The answer must be every line of the records in which the string "MultiLayer" appears.

◆ ◆ ◆

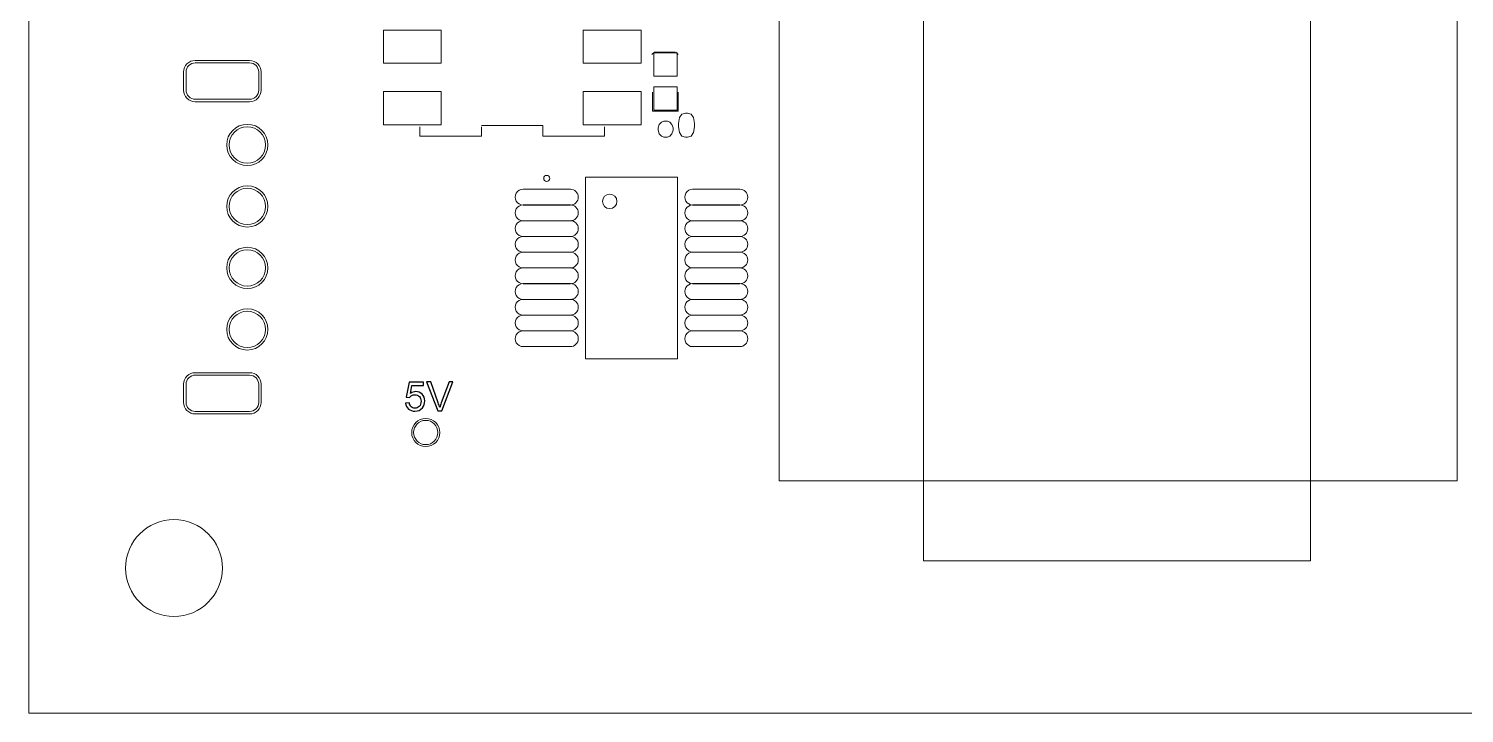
# Model space of a CAD drawing. Header units: millimetres. Extents: x -105 to 95, y -39 to 71.
# Drawn here: x -104.7 to -45.4, y -39.5 to -11.2 of the extents above; entities that cross this region are included whole.
import ezdxf

# ---------------------------------------------------------------- set-up
doc = ezdxf.new("R2010")
doc.units = ezdxf.units.MM
doc.header["$MEASUREMENT"] = 0
for name, color, linetype in [('KeepOutLayer', 7, 'Continuous'), ('MultiLayer', 7, 'Continuous'), ('TopOverlay', 7, 'Continuous')]:
    doc.layers.add(name, color=color, linetype=linetype)

msp = doc.modelspace()

# ---------------------------------------------------------------- linework, layer by layer
at = {"layer": 'KeepOutLayer', "lineweight": 9}
for points in [[(-104.7259, -39.4797), (-104.7259, -39.4797), (-104.7259, 70.5203), (-104.7259, 70.5203)], [(-104.7259, -39.4797), (-104.7259, -39.4797), (95.2741, -39.4797), (95.2741, -39.4797)]]:
    msp.add_open_spline(points, degree=3, dxfattribs=at)
at = {"layer": 'MultiLayer', "lineweight": 9}
for points in [[(-73.7259, -29.8797), (-73.7259, -29.8797), (-73.7259, 25.1203), (-73.7259, 25.1203)], [(-45.7259, -29.8797), (-45.7259, -29.8797), (-45.7259, 25.1203), (-45.7259, 25.1203)], [(-67.7604, -33.1817), (-67.7604, -33.1817), (-67.7604, -8.8612), (-67.7604, -8.8612)], [(-51.7859, -33.1817), (-51.7859, -33.1817), (-51.7859, -8.8612), (-51.7859, -8.8612)], [(-87.6871, -11.2539), (-87.6871, -11.2539), (-90.0747, -11.2539), (-90.0747, -11.2539)], [(-90.0747, -11.2539), (-90.0747, -11.2539), (-90.0747, -12.6255), (-90.0747, -12.6255)], [(-87.6871, -12.6255), (-87.6871, -12.6255), (-87.6871, -11.2539), (-87.6871, -11.2539)], [(-79.4321, -11.2539), (-79.4321, -11.2539), (-81.8197, -11.2539), (-81.8197, -11.2539)], [(-81.8197, -11.2539), (-81.8197, -11.2539), (-81.8197, -12.6255), (-81.8197, -12.6255)], [(-79.4321, -12.6255), (-79.4321, -12.6255), (-79.4321, -11.2539), (-79.4321, -11.2539)], [(-78.9847, -12.2621), (-78.9847, -12.2621), (-78.8831, -12.1605), (-78.8831, -12.1605)], [(-77.9433, -12.1986), (-77.9433, -12.1986), (-78.9085, -12.1986), (-78.9085, -12.1986)], [(-78.9085, -12.1986), (-78.9085, -12.1986), (-78.9085, -13.1638), (-78.9085, -13.1638)], [(-78.8831, -12.1605), (-78.8831, -12.1605), (-78.0195, -12.1605), (-78.0195, -12.1605)], [(-77.9941, -12.1605), (-77.9941, -12.1605), (-77.8925, -12.2621), (-77.8925, -12.2621)], [(-77.9433, -13.1638), (-77.9433, -13.1638), (-77.9433, -12.1986), (-77.9433, -12.1986)], [(-98.3275, -12.9847), (-98.3275, -12.9847), (-98.3275, -13.7347), (-98.3275, -13.7347)], [(-98.2259, -12.9847), (-98.2259, -12.9847), (-98.2259, -13.7347), (-98.2259, -13.7347)], [(-95.6009, -12.5081), (-95.6009, -12.5081), (-97.8509, -12.5081), (-97.8509, -12.5081)], [(-95.6009, -12.6097), (-95.6009, -12.6097), (-97.8509, -12.6097), (-97.8509, -12.6097)], [(-95.1243, -12.9847), (-95.1243, -12.7215), (-95.3377, -12.5081), (-95.6009, -12.5081)], [(-95.2259, -12.9847), (-95.2259, -12.7776), (-95.3938, -12.6097), (-95.6009, -12.6097)], [(-95.2259, -13.7347), (-95.2259, -13.7347), (-95.2259, -12.9847), (-95.2259, -12.9847)], [(-95.1243, -13.7347), (-95.1243, -13.7347), (-95.1243, -12.9847), (-95.1243, -12.9847)], [(-90.0747, -12.6255), (-90.0747, -12.6255), (-87.6871, -12.6255), (-87.6871, -12.6255)], [(-81.8197, -12.6255), (-81.8197, -12.6255), (-79.4321, -12.6255), (-79.4321, -12.6255)], [(-78.9085, -13.1638), (-78.9085, -13.1638), (-77.9433, -13.1638), (-77.9433, -13.1638)], [(-77.9433, -13.5956), (-77.9433, -13.5956), (-78.9085, -13.5956), (-78.9085, -13.5956)], [(-78.9085, -13.5956), (-78.9085, -13.5956), (-78.9085, -14.5608), (-78.9085, -14.5608)], [(-77.9433, -14.5608), (-77.9433, -14.5608), (-77.9433, -13.5956), (-77.9433, -13.5956)], [(-97.8509, -14.1097), (-97.8509, -14.1097), (-95.6009, -14.1097), (-95.6009, -14.1097)], [(-97.8509, -14.2113), (-97.8509, -14.2113), (-95.6009, -14.2113), (-95.6009, -14.2113)], [(-87.6871, -13.7939), (-87.6871, -13.7939), (-90.0747, -13.7939), (-90.0747, -13.7939)], [(-90.0747, -13.7939), (-90.0747, -13.7939), (-90.0747, -15.1655), (-90.0747, -15.1655)], [(-87.6871, -15.1655), (-87.6871, -15.1655), (-87.6871, -13.7939), (-87.6871, -13.7939)], [(-79.4321, -13.7939), (-79.4321, -13.7939), (-81.8197, -13.7939), (-81.8197, -13.7939)], [(-81.8197, -13.7939), (-81.8197, -13.7939), (-81.8197, -15.1655), (-81.8197, -15.1655)], [(-79.4321, -15.1655), (-79.4321, -15.1655), (-79.4321, -13.7939), (-79.4321, -13.7939)], [(-78.9593, -14.5989), (-78.9593, -14.5989), (-78.9593, -13.8242), (-78.9593, -13.8242)], [(-77.8925, -14.5989), (-77.8925, -14.5989), (-77.8925, -13.8242), (-77.8925, -13.8242)], [(-78.9593, -14.5989), (-78.9593, -14.5989), (-77.8925, -14.5989), (-77.8925, -14.5989)], [(-78.9085, -14.5608), (-78.9085, -14.5608), (-77.9433, -14.5608), (-77.9433, -14.5608)], [(-90.0747, -15.1655), (-90.0747, -15.1655), (-87.6871, -15.1655), (-87.6871, -15.1655)], [(-88.5634, -15.6297), (-88.5634, -15.6297), (-88.5634, -15.2497), (-88.5634, -15.2497)], [(-86.0234, -15.1989), (-86.0234, -15.1989), (-83.4834, -15.1989), (-83.4834, -15.1989)], [(-86.0234, -15.6297), (-86.0234, -15.6297), (-86.0234, -15.2497), (-86.0234, -15.2497)], [(-83.4834, -15.6297), (-83.4834, -15.6297), (-83.4834, -15.1989), (-83.4834, -15.1989)], [(-81.8197, -15.1655), (-81.8197, -15.1655), (-79.4321, -15.1655), (-79.4321, -15.1655)], [(-80.9434, -15.6297), (-80.9434, -15.6297), (-80.9434, -15.2497), (-80.9434, -15.2497)], [(-88.5634, -15.6297), (-88.5634, -15.6297), (-86.0234, -15.6297), (-86.0234, -15.6297)], [(-83.4834, -15.6297), (-83.4834, -15.6297), (-80.9434, -15.6297), (-80.9434, -15.6297)], [(-81.7259, -24.8297), (-81.7259, -24.8297), (-81.7259, -17.3297), (-81.7259, -17.3297)], [(-81.7259, -17.3297), (-81.7259, -17.3297), (-77.9259, -17.3297), (-77.9259, -17.3297)], [(-77.9259, -24.8297), (-77.9259, -24.8297), (-77.9259, -17.3297), (-77.9259, -17.3297)], [(-84.3009, -17.8281), (-84.3009, -17.8281), (-82.3509, -17.8281), (-82.3509, -17.8281)], [(-77.3009, -17.8281), (-77.3009, -17.8281), (-75.3509, -17.8281), (-75.3509, -17.8281)], [(-84.3009, -18.4781), (-84.3009, -18.4781), (-82.3509, -18.4781), (-82.3509, -18.4781)], [(-84.3009, -18.4813), (-84.3009, -18.4813), (-82.3509, -18.4813), (-82.3509, -18.4813)], [(-77.3009, -18.4781), (-77.3009, -18.4781), (-75.3509, -18.4781), (-75.3509, -18.4781)], [(-77.3009, -18.4813), (-77.3009, -18.4813), (-75.3509, -18.4813), (-75.3509, -18.4813)], [(-84.3009, -19.1281), (-84.3009, -19.1281), (-82.3509, -19.1281), (-82.3509, -19.1281)], [(-84.3009, -19.1313), (-84.3009, -19.1313), (-82.3509, -19.1313), (-82.3509, -19.1313)], [(-77.3009, -19.1281), (-77.3009, -19.1281), (-75.3509, -19.1281), (-75.3509, -19.1281)], [(-77.3009, -19.1313), (-77.3009, -19.1313), (-75.3509, -19.1313), (-75.3509, -19.1313)], [(-84.3009, -19.7781), (-84.3009, -19.7781), (-82.3509, -19.7781), (-82.3509, -19.7781)], [(-84.3009, -19.7813), (-84.3009, -19.7813), (-82.3509, -19.7813), (-82.3509, -19.7813)], [(-77.3009, -19.7781), (-77.3009, -19.7781), (-75.3509, -19.7781), (-75.3509, -19.7781)], [(-77.3009, -19.7813), (-77.3009, -19.7813), (-75.3509, -19.7813), (-75.3509, -19.7813)], [(-84.3009, -20.4281), (-84.3009, -20.4281), (-82.3509, -20.4281), (-82.3509, -20.4281)], [(-84.3009, -20.4313), (-84.3009, -20.4313), (-82.3509, -20.4313), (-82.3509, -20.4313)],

◆ ◆ ◆

_Reply to the task_
for name, color, linetype in [('KeepOutLayer', 7, 'Continuous'), ('MultiLayer', 7, 'Continuous'), ('TopOverlay', 7, 'Continuous')]:
at = {"layer": 'MultiLayer', "lineweight": 9}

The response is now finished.